[Records drawn from a dataset]
-.-.-

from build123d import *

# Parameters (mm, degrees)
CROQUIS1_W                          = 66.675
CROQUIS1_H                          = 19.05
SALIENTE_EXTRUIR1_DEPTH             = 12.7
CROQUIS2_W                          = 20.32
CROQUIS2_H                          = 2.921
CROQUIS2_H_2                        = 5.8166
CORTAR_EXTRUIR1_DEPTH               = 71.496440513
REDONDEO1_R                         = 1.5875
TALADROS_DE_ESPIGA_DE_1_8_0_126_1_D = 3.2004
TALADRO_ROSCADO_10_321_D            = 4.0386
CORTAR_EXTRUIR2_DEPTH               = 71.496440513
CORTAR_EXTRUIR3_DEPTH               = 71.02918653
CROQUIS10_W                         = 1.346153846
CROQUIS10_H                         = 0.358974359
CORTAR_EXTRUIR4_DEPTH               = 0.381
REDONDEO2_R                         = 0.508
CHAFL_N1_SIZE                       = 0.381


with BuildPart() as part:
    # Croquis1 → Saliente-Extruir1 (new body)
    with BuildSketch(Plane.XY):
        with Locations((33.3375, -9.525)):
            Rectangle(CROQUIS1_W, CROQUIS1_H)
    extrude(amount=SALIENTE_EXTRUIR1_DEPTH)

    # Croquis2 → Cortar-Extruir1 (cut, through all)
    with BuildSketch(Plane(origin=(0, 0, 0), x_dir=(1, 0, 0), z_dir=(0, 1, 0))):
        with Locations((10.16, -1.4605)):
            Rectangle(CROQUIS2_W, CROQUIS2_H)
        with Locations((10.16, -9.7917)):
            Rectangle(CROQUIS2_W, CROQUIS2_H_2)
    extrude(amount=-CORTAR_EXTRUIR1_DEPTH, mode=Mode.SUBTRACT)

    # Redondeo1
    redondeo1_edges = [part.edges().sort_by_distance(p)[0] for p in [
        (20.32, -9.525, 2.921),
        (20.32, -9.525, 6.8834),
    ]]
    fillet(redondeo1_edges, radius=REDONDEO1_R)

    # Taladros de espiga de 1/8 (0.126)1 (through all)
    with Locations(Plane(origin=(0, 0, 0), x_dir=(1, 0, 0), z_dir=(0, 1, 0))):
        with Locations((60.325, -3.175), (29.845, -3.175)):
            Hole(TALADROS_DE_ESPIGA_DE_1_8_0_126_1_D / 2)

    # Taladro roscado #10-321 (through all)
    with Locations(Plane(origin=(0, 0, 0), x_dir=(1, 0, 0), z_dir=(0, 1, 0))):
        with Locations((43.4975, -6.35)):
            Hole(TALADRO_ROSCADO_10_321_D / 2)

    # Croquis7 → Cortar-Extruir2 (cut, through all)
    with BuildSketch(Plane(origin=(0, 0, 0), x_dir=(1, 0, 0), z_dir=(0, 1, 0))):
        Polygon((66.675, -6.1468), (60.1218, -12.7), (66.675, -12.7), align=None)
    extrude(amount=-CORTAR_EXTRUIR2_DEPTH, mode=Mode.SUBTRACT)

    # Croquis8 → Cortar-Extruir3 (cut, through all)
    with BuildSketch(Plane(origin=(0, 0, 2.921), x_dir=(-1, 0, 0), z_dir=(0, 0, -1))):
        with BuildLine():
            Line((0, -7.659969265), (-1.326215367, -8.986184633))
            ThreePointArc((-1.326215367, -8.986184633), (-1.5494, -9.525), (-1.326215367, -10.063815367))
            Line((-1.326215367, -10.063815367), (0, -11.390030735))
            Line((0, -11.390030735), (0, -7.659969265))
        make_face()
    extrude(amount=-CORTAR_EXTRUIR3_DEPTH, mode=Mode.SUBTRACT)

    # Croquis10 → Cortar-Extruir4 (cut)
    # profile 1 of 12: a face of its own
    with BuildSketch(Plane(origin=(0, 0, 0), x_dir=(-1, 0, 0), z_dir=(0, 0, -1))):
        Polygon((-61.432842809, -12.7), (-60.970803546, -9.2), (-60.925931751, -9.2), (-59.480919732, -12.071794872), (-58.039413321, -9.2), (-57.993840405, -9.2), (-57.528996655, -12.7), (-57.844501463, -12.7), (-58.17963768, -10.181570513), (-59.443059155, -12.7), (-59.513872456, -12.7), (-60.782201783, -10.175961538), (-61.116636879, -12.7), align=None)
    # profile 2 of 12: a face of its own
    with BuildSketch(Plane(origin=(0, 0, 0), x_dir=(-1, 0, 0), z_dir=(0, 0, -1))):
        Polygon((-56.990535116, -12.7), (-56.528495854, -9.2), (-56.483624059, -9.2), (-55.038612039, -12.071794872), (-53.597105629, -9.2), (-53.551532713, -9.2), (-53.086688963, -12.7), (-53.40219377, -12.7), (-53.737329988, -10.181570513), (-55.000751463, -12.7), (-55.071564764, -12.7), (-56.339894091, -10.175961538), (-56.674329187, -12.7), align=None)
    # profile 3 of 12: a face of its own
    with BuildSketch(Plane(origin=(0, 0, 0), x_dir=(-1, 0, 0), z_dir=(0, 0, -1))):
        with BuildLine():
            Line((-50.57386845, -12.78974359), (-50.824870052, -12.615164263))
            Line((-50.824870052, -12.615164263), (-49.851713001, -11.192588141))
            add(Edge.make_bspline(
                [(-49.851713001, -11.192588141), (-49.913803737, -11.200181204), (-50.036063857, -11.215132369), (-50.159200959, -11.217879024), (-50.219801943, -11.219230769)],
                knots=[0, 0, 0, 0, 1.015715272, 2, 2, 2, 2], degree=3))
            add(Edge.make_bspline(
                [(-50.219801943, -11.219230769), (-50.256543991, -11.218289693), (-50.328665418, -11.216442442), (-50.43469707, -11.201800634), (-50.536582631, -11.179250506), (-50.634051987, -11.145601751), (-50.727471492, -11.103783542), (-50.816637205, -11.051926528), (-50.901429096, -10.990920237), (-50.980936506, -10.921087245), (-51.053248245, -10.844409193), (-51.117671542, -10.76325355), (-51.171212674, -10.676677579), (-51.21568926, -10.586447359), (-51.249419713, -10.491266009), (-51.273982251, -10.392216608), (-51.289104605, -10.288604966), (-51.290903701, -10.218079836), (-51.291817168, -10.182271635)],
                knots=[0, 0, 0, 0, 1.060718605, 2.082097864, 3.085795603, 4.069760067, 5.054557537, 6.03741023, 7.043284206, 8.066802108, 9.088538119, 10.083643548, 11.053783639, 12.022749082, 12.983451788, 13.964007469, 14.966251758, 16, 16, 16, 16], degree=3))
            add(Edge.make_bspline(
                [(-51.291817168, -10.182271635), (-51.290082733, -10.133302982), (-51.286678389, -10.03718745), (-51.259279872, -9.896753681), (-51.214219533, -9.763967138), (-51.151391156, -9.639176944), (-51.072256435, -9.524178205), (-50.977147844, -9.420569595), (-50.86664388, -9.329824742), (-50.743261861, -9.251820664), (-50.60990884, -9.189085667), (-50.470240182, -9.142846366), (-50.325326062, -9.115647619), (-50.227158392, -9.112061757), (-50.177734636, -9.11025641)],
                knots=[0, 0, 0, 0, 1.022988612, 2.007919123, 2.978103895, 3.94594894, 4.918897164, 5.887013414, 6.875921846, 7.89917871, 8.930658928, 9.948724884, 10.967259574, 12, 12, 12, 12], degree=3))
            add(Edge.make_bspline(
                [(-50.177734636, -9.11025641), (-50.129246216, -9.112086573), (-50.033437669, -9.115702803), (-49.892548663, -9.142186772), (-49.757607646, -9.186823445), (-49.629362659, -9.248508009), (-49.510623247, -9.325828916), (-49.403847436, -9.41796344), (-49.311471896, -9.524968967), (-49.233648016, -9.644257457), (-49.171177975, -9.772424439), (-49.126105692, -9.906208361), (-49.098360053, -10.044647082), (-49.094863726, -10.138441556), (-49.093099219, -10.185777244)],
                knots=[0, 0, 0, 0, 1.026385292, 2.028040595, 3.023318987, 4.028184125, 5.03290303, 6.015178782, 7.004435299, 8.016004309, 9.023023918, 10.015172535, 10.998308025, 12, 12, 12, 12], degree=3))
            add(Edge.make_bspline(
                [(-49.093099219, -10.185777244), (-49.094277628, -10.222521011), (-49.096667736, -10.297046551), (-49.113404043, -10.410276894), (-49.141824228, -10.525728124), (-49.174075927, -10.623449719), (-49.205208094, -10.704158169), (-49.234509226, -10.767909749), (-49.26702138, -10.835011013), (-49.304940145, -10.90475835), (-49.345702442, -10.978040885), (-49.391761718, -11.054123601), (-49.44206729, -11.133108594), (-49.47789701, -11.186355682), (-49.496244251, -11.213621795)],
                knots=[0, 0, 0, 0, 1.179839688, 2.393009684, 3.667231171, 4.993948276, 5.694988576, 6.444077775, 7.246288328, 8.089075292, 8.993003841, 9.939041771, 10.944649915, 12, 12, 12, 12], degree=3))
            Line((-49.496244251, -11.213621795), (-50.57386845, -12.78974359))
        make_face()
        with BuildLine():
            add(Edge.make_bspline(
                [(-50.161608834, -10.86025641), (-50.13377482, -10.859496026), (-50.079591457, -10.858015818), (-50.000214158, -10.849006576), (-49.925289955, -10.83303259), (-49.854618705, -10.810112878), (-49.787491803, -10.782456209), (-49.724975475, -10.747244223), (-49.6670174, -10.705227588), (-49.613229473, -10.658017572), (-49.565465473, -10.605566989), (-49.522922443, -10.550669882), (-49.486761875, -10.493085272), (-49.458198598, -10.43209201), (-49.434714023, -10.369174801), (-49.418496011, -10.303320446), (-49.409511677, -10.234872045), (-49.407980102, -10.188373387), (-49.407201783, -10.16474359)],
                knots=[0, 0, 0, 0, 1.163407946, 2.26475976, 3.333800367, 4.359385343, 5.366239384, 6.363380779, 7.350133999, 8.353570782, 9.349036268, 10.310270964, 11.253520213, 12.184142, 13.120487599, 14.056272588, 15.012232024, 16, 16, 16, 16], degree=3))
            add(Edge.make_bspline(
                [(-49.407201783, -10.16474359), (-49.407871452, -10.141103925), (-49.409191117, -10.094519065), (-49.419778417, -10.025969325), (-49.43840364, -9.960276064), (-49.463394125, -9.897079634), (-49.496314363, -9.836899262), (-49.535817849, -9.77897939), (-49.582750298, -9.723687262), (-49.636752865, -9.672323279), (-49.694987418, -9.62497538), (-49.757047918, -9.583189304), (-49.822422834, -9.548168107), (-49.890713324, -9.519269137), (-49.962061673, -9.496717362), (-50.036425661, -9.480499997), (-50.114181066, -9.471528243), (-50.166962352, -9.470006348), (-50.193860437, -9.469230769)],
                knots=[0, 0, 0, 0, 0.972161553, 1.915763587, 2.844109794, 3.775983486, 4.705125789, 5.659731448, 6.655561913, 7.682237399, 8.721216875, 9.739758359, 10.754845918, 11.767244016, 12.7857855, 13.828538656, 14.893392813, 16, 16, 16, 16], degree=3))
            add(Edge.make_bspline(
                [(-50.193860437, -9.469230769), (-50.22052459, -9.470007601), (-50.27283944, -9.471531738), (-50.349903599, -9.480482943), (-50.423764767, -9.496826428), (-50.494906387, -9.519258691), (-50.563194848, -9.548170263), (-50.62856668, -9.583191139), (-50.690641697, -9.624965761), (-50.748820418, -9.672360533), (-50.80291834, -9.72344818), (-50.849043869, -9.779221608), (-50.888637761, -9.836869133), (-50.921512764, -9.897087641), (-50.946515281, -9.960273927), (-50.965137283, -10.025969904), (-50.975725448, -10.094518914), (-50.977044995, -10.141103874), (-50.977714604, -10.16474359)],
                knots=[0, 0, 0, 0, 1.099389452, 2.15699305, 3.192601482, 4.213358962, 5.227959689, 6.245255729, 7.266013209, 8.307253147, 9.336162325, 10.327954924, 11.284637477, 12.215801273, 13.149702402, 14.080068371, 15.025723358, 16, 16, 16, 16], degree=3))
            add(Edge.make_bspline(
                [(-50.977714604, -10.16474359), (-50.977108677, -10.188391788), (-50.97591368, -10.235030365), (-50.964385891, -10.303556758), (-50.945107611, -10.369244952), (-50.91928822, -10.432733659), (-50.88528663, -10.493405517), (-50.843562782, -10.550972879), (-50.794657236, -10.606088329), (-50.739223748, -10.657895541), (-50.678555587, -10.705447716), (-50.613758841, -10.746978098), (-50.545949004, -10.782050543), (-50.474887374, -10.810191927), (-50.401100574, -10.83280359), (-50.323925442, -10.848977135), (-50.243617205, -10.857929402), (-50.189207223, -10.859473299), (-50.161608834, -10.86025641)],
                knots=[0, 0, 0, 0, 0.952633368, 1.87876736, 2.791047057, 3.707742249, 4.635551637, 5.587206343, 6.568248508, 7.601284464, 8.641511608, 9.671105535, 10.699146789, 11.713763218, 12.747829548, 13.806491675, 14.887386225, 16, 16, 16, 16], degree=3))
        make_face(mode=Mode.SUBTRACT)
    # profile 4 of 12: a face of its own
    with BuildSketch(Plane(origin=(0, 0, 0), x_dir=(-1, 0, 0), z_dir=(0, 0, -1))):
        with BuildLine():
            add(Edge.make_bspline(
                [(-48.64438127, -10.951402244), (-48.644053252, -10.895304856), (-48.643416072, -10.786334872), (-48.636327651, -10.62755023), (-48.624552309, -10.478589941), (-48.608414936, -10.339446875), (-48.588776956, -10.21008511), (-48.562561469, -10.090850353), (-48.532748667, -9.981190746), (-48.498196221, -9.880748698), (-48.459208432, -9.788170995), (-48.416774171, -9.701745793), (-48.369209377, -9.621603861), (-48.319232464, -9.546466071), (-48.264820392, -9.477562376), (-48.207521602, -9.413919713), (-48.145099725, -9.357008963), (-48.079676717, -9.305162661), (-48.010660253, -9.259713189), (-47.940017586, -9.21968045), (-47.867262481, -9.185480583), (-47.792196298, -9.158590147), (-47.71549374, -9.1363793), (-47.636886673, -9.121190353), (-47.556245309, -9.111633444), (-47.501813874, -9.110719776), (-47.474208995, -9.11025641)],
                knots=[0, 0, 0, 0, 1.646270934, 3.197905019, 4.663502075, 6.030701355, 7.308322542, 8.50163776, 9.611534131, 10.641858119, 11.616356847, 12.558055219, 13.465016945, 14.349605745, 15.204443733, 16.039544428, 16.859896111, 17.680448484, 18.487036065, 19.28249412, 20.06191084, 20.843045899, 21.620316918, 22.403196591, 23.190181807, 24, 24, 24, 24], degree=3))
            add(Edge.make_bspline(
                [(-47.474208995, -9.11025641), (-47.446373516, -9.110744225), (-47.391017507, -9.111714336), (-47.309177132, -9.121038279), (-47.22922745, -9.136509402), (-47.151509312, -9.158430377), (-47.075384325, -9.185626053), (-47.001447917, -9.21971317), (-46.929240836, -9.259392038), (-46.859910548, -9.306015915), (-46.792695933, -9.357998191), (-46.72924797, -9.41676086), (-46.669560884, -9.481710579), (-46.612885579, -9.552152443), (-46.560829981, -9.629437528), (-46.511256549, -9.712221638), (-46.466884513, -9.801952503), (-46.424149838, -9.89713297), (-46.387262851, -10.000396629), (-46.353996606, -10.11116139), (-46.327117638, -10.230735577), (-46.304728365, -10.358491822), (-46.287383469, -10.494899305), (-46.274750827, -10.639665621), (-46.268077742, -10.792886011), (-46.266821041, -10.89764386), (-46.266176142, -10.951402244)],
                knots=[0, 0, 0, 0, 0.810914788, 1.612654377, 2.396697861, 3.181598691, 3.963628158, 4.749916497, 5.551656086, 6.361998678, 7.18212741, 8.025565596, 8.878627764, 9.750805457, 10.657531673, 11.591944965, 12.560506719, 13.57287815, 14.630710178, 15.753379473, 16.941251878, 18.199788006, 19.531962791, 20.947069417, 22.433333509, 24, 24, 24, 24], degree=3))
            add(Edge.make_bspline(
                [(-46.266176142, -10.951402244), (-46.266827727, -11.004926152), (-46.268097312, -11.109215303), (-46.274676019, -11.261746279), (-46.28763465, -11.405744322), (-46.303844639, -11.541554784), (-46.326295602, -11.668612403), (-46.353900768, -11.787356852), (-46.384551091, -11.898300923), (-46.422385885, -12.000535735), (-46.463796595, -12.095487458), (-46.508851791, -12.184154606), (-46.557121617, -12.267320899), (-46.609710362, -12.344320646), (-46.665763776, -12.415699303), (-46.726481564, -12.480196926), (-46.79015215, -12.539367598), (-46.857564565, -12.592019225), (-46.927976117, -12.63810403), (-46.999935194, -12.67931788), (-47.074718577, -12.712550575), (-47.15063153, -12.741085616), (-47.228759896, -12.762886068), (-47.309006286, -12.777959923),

-.-.-

WHAT YOU WILL DO —
Could you write out, exactly as they stand, only the lines above that begin at the line with "redondeo1_edges = [part.edges().sort_by_distance(p)[0]" and stop after the line with "Line((-1.326215367, -10.063815367), (0, -11.390030735))"?

RESULT BELOW —
    redondeo1_edges = [part.edges().sort_by_distance(p)[0] for p in [
        (20.32, -9.525, 2.921),
        (20.32, -9.525, 6.8834),
    ]]
    fillet(redondeo1_edges, radius=REDONDEO1_R)

    # Taladros de espiga de 1/8 (0.126)1 (through all)
    with Locations(Plane(origin=(0, 0, 0), x_dir=(1, 0, 0), z_dir=(0, 1, 0))):
        with Locations((60.325, -3.175), (29.845, -3.175)):
            Hole(TALADROS_DE_ESPIGA_DE_1_8_0_126_1_D / 2)

    # Taladro roscado #10-321 (through all)
    with Locations(Plane(origin=(0, 0, 0), x_dir=(1, 0, 0), z_dir=(0, 1, 0))):
        with Locations((43.4975, -6.35)):
            Hole(TALADRO_ROSCADO_10_321_D / 2)

    # Croquis7 → Cortar-Extruir2 (cut, through all)
    with BuildSketch(Plane(origin=(0, 0, 0), x_dir=(1, 0, 0), z_dir=(0, 1, 0))):
        Polygon((66.675, -6.1468), (60.1218, -12.7), (66.675, -12.7), align=None)
    extrude(amount=-CORTAR_EXTRUIR2_DEPTH, mode=Mode.SUBTRACT)

    # Croquis8 → Cortar-Extruir3 (cut, through all)
    with BuildSketch(Plane(origin=(0, 0, 2.921), x_dir=(-1, 0, 0), z_dir=(0, 0, -1))):
        with BuildLine():
            Line((0, -7.659969265), (-1.326215367, -8.986184633))
            ThreePointArc((-1.326215367, -8.986184633), (-1.5494, -9.525), (-1.326215367, -10.063815367))
            Line((-1.326215367, -10.063815367), (0, -11.390030735))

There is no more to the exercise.